This is precisely the sort of thing I’m addressing in my next video dealing with textual transmission. It is honestly absurd to speak of the Islamic expansion as having interrupted the normal transmission of the Greek New Testament (at least before the 15th century) principally because the eradication of a regional text (upper Egypt—a place where Greek was not even the native language!) had virtually no effect upon the broader transmission of the text. Likewise the issue of the Latin traditional dominating the West. The Greek Text was always principally preserved in the Greek speaking church. There we have a consistent, 1500 year history of copying.

*5) Can you walk through our real, extant, manuscript evidence on the LEM (for example) and show that it holds to your statistical model? Why or why not?*

While no one can present an actual transmissional history showing a parent/child family tree, we can demonstrate a theory of transmissional history that lines up very well with the evidence found in our extant manuscripts. Dr. Robinson refers to this as “reasoned transmissionalism” and sees the lack of this within the popular approach to textual criticism (that behind the Critical Text) as its weakest link.

I’ll try to demonstrate this somewhat in the next video in the series.


----------



## Logan (Dec 1, 2015)

I'm simply trying to warn, based on one of my areas of (partial) expertise (mathematical modeling) that predictions and conclusions are always limited by the assumptions: the model cannot show more than it is designed to show, and words like "validate" simply won't apply. Models can be helpful in building confidence or understanding but there are limitations. A model is a tool, not a fact.

And even then the probabilities of certainty are dependent on these assumptions. What is the probability of a false positive? A false negative? What is a statistically significant sample size? I don't have any answers but I'd just be cautious without thoroughly understanding the limitations of the model.


----------



## Robert Truelove (Dec 1, 2015)

Logan said:


> I'm simply trying to warn, based on one of my areas of (partial) expertise (mathematical modeling) that predictions and conclusions are always limited by the assumptions: the model cannot show more than it is designed to show, and words like "validate" simply won't apply. Models can be helpful in building confidence or understanding but there are limitations. A model is a tool, not a fact.
> 
> And even then the probabilities of certainty are dependent on these assumptions. What is the probability of a false positive? A false negative? What is a statistically significant sample size? I don't have any answers but I'd just be cautious without thoroughly understanding the limitations of the model.

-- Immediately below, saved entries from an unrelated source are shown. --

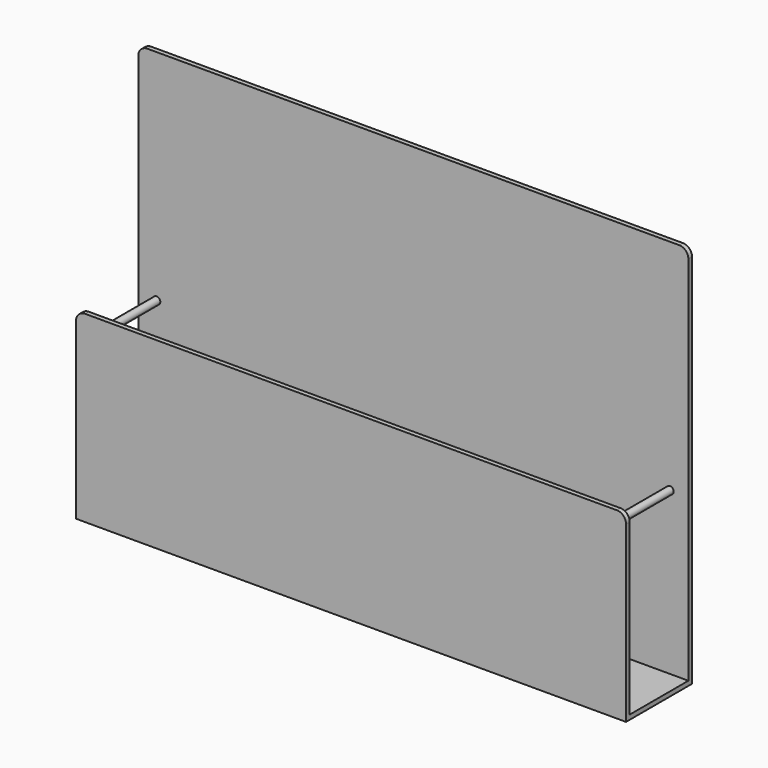
from build123d import *

# Parameters (mm, degrees)
F1_DEPTH = 5
F2_W     = 600
F2_H     = 5
F3_DEPTH = 80
F4_W     = 600
F4_H     = 5
F4_H_2   = 195
F5_DEPTH = 5
F6_R     = 10
F7_R     = 4
F8_DEPTH = 85


# Not quite as in the source:
# - a feature names something its author has since deleted; it is built from what else it names


with BuildPart() as f1:
    # F0 (on Front) → F1 (new body)
    with BuildSketch(Plane.XZ):
        with BuildLine():
            Line((26.5459360182, 400.2749490738), (-553.4540639818, 400.2749490738))
            ThreePointArc((-553.4540639818, 400.2749490738), (-560.5251317936, 397.3460168857), (-563.4540639818, 390.2749490738))
            Line((-563.4540639818, 390.2749490738), (-563.4540639818, -19.7250509262))
            Line((-563.4540639818, -19.7250509262), (36.5459360182, -19.7250509262))
            Line((36.5459360182, -19.7250509262), (36.5459360182, 390.2749490738))
            ThreePointArc((36.5459360182, 390.2749490738), (33.6170038301, 397.3460168857), (26.5459360182, 400.2749490738))
        make_face()
    extrude(amount=F1_DEPTH)

    # F2 (on face) → F3 (join)
    with BuildSketch(Plane.XZ.offset(5)):
        with Locations((-263.4540639818, -17.2250509262)):
            Rectangle(F2_W, F2_H)
    extrude(amount=F3_DEPTH)

    # F4 (on face) → F5 (join)
    with BuildSketch(Plane.XZ.offset(85)):
        with Locations((-263.4540639818, -17.2250509262)):
            Rectangle(F4_W, F4_H)
        with Locations((-263.4540639818, 82.7749490738)):
            Rectangle(F4_W, F4_H_2)
    extrude(amount=F5_DEPTH)

    # F6
    f6_edges = [f1.edges().sort_by_distance(p)[0] for p in [
        (-563.454064, -87.5, 180.274949),
        (36.545936, -87.5, 180.274949),
    ]]
    fillet(f6_edges, radius=F6_R)

    # F7 (on face) → F8 (join)
    with BuildSketch(Plane.XZ.offset(90)):
        with Locations((-543.4540639818, 161.7681980133)):
            Circle(F7_R)
        with Locations((16.5459360182, 161.7681980133)):
            Circle(F7_R)
    extrude(amount=-F8_DEPTH)


solid = f1.part
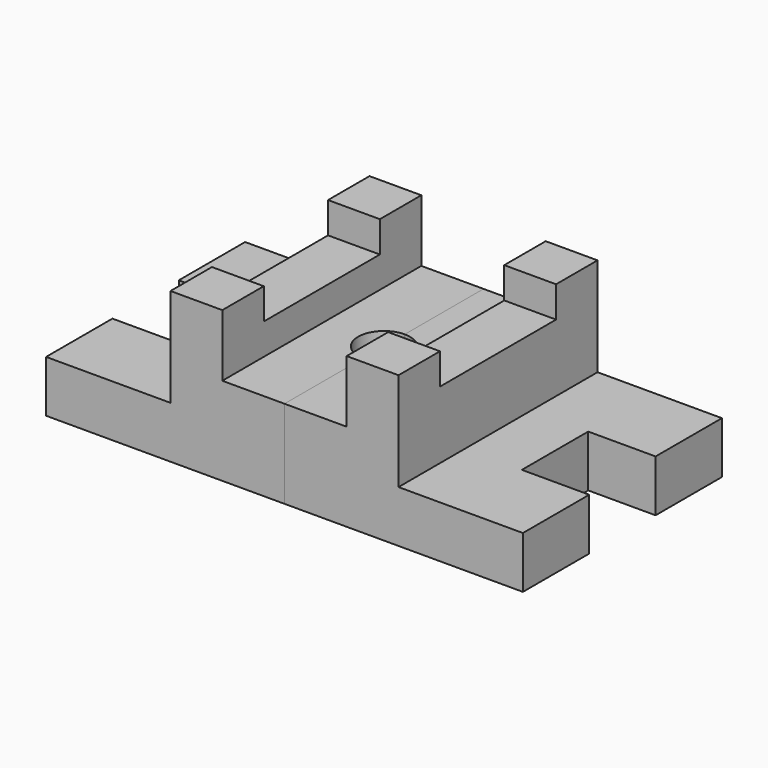
from build123d import *
from build123d import SkipClean  # not in build123d's __all__

# Parameters (mm, degrees)
F1_DEPTH = 31.75
F2_DEPTH = 53.975
F3_DEPTH = 73.025
F0_W     = 31.75
F0_H     = 31.75
F4_DEPTH = 92.075
F5_DEPTH = 73.025


with BuildPart() as f1:
    # F0 (on Top) → F1 (new body)
    with BuildSketch(Plane.XY):
        Polygon((108.4912913322, 117.0880892358), (32.2912913322, 117.0880892358), (32.2912913322, 85.3380892358), (32.2912913322, 15.4880892358), (32.2912913322, -3.5619107642), (32.2912913322, -16.2619107642), (32.2912913322, -35.3119107642), (108.4912913322, -35.3119107642), (108.4912913322, 15.4880892358), (67.2162913322, 15.4880892358), (67.2162913322, 66.2880892358), (108.4912913322, 66.2880892358), align=None)
    extrude(amount=F1_DEPTH)



with BuildPart() as f2:
    # F0 (on Top) → F2 (new body)
    with BuildSketch(Plane.XY):
        with BuildLine():
            Line((0.5412913322, 117.0880892358), (-37.5587086678, 117.0880892358))
            Line((-37.5587086678, 117.0880892358), (-37.5587086678, 56.7630892358))
            ThreePointArc((-37.5587086678, 56.7630892358), (-21.6837086678, 40.8880892358), (-37.5587086678, 25.0130892358))
            Line((-37.5587086678, 25.0130892358), (-37.5587086678, -35.3119107642))
            Line((-37.5587086678, -35.3119107642), (0.5412913322, -35.3119107642))
            Line((0.5412913322, -35.3119107642), (0.5412913322, -3.5619107642))
            Line((0.5412913322, -3.5619107642), (0.5412913322, 15.4880892358))
            Line((0.5412913322, 15.4880892358), (0.5412913322, 85.3380892358))
            Line((0.5412913322, 85.3380892358), (0.5412913322, 117.0880892358))
        make_face()
    extrude(amount=F2_DEPTH)


with BuildPart() as f1_1:
    add(f1.part, clean=False)

    add(f2.part)  # F3 merges F2
    # F0 (on Top) → F3 (join)
    with BuildSketch(Plane.XY):
        Polygon((32.2912913322, 85.3380892358), (0.5412913322, 85.3380892358), (0.5412913322, 15.4880892358), (0.5412913322, -3.5619107642), (32.2912913322, -3.5619107642), (32.2912913322, 15.4880892358), align=None)
    extrude(amount=F3_DEPTH)

    # F0 (on Top) → F4 (join)
    with BuildSketch(Plane.XY):
        Polygon((32.2912913322, -3.5619107642), (0.5412913322, -3.5619107642), (0.5412913322, -35.3119107642), (32.2912913322, -35.3119107642), (32.2912913322, -16.2619107642), align=None)
        with Locations((16.4162913322, 101.2130892358)):
            Rectangle(F0_W, F0_H)
    extrude(amount=F4_DEPTH)

    # F0 (on Top) → F5 (join)
    with BuildSketch(Plane.XY):
        Polygon((32.2912913322, 85.3380892358), (0.5412913322, 85.3380892358), (0.5412913322, 15.4880892358), (0.5412913322, -3.5619107642), (32.2912913322, -3.5619107642), (32.2912913322, 15.4880892358), align=None)
    extrude(amount=F5_DEPTH)

    # F6: F1 across face


with BuildPart() as f1_2:
    add(f1_1.part, clean=False)
    with SkipClean():  # cleaning this boolean's faces spoils the solid; the shape is the same uncleaned
        add(f1_1.part.mirror(Plane(origin=(-37.5587086678, 86.9255892358, 26.9875), x_dir=(0, -1, 0), z_dir=(-1, 0, 0))), clean=False)


solid = f1_2.part
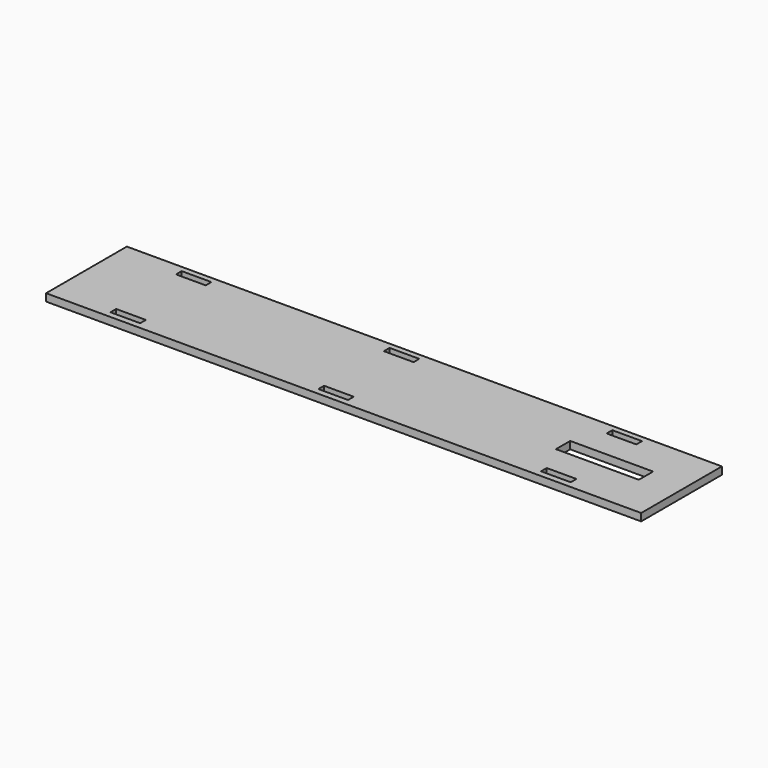
from build123d import *

# Parameters (mm, degrees)
F0_W     = 254.508
F0_H     = 43.18
F0_W_2   = 12.7
F0_H_2   = 3.048
F1_DEPTH = 3.175


# Not quite as in the source:
# - a feature names something its author has since deleted; it is built from what else it names


with BuildPart() as f1:
    # F0 (on Top) → F1 (new body)
    with BuildSketch(Plane.XY):
        with Locations((0.254, 0.1834339905)):
            Rectangle(F0_W, F0_H)
        with Locations((-95.25, -17.2155660095)):
            Rectangle(F0_W_2, F0_H_2, mode=Mode.SUBTRACT)
        with Locations((-6.35, -17.2155660095)):
            Rectangle(F0_W_2, F0_H_2, mode=Mode.SUBTRACT)
        with Locations((88.9, -17.2155660095)):
            Rectangle(F0_W_2, F0_H_2, mode=Mode.SUBTRACT)
        with Locations((-95.25, 17.8364339905)):
            Rectangle(F0_W_2, F0_H_2, mode=Mode.SUBTRACT)
        with Locations((-6.35, 17.8364339905)):
            Rectangle(F0_W_2, F0_H_2, mode=Mode.SUBTRACT)
        Polygon((78.9593234658, -3.1185660095), (76.4378011227, -3.1185660095), (76.4378011227, 4.5014339905), (78.9593234658, 4.5014339905), (111.8867844343, 4.5014339905), (111.8867844343, -3.1185660095), align=None, mode=Mode.SUBTRACT)
        with Locations((88.9, 17.8364339905)):
            Rectangle(F0_W_2, F0_H_2, mode=Mode.SUBTRACT)
    extrude(amount=F1_DEPTH)


solid = f1.part
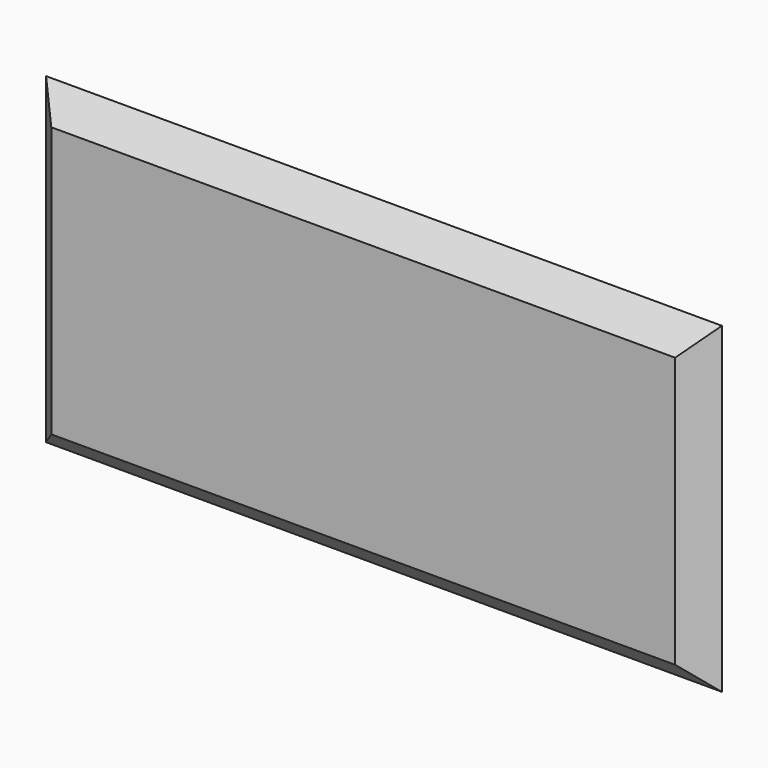
from build123d import *

# Parameters (mm, degrees)
F0_W     = 165.1000007248
F0_H     = 78.7400007248
F1_DEPTH = 6.35
F2_SIZE  = 6.34999


# Not quite as in the source:
# - a fillet or chamfer is up to 0.001 mm smaller than in the source, because OpenCascade refuses the exact size


with BuildPart() as f1:
    # F0 (on Front) → F1 (new body)
    with BuildSketch(Plane.XZ):
        Rectangle(F0_W, F0_H)
    extrude(amount=F1_DEPTH)

    # F2 (size 6.35 in the source; OpenCascade refuses exactly that, so slightly less here)
    f2_edges = [f1.edges().sort_by_distance(p)[0] for p in [
        (0, -6.35, -39.37),
        (82.55, -6.35, 0),
        (0, -6.35, 39.37),
        (-82.55, -6.35, 0),
    ]]
    chamfer(f2_edges, length=F2_SIZE)


solid = f1.part

Agreed. "Validate" in its technical sense would indeed be incorrect when we are discussing models demonstrating probability. 

This thing is far more advanced than my presentation (which is why most people don't even understand the basic premise). That's why I broke it down in such a simple fashion...so people can get a handle on the basics of the argument. 

Most still seem to thinh the MT is simply about "counting noses". When you hear that phrase in relating to the MT, you can rest assured whoever just said it doesn't really understand the position.


----------



## Robert Truelove (Dec 1, 2015)

Dr. Maurice Robinson emailed just now reminding me of the relevance of this quote from Dr. Hodges to this discussion...

"No one has yet explained how a long, slow process spread out over many centuries as well as over a wide geographical area, and involving a multitude of copyists, who often knew nothing of the state of the text outside of their own monasteries or scriptoria, could achieve this widespread uniformity out of the diversity presented by the earlier forms of text. Even an official edition of the New Testament -- promoted with ecclesiastical sanction throughout the known world -- would have had great difficulty achieving this result as the history of Jerome's Vulgate amply demonstrates. But an unguided process achieving relative stability and uniformity in the diversified textual, historical, and cultural circumstances in which the New Testament was copied, imposes impossible strains on our imagination. (Hodges,Appendix C, in Pickering _Identity of the NT Text_, 166).


----------



## Captain Picard (Dec 1, 2015)

The videos are always interesting Pastor Truelove. Thanks again!


----------



## MW (Dec 1, 2015)

Bill The Baptist said:


> but I think its power lies in showing how exceedingly unlikely it is for a reading that is found in only 5-10% of manuscripts to be the original reading.



This demonstrates Logan's original point about "assumption." One has to assume something concerning the mss. which have come down to us.

Once again my criticism of this theory is its claim to be empirically based when its starting-point has no empirical basis.

It seems to me that the first statistical analysis pertaining to a "majority" text should concentrate on determining what the "majority" is supposed to be the "majority" of. Invoking the "New Testament" as a canonical concept only serves to hide the fact that this theory is attempting to reconstruct the text while it presupposes its preservation.


----------



## Bill The Baptist (Dec 1, 2015)

MW said:


> Bill The Baptist said:
> 
> 
> > but I think its power lies in showing how exceedingly unlikely it is for a reading that is found in only 5-10% of manuscripts to be the original reading.
> ...



Indeed you are correct in pointing out that this theory does not prove anything and relies on presuppositions that may or may not be true. Despite this, it is still helpful in the same way in which philosophical arguments for God are helpful. They do not prove anything, but they do help us to understand and to think clearly about the evidence that we see all around us. Regarding biblical manuscripts, the evidence that we see is that there are an exceedingly large number of manuscripts that are largely in agreement, and an exceedingly small number that disagree with the majority to a much greater extent. This reality did not occur by accident but is the result of a process of transmission that has descended down through the centuries. Again, this proves nothing in and of itself, but it does demonstrate the greater likelihood of the Byzantine readings being the correct readings, and further helps us to see that the Ecclessiastical text is reliable and that God was indeed faithful in preserving the text. When viewed in this fashion, theories such as the one Robert has presented do not serve to undermine or replace the Ecclesiastical position, but rather serve to establish it.


----------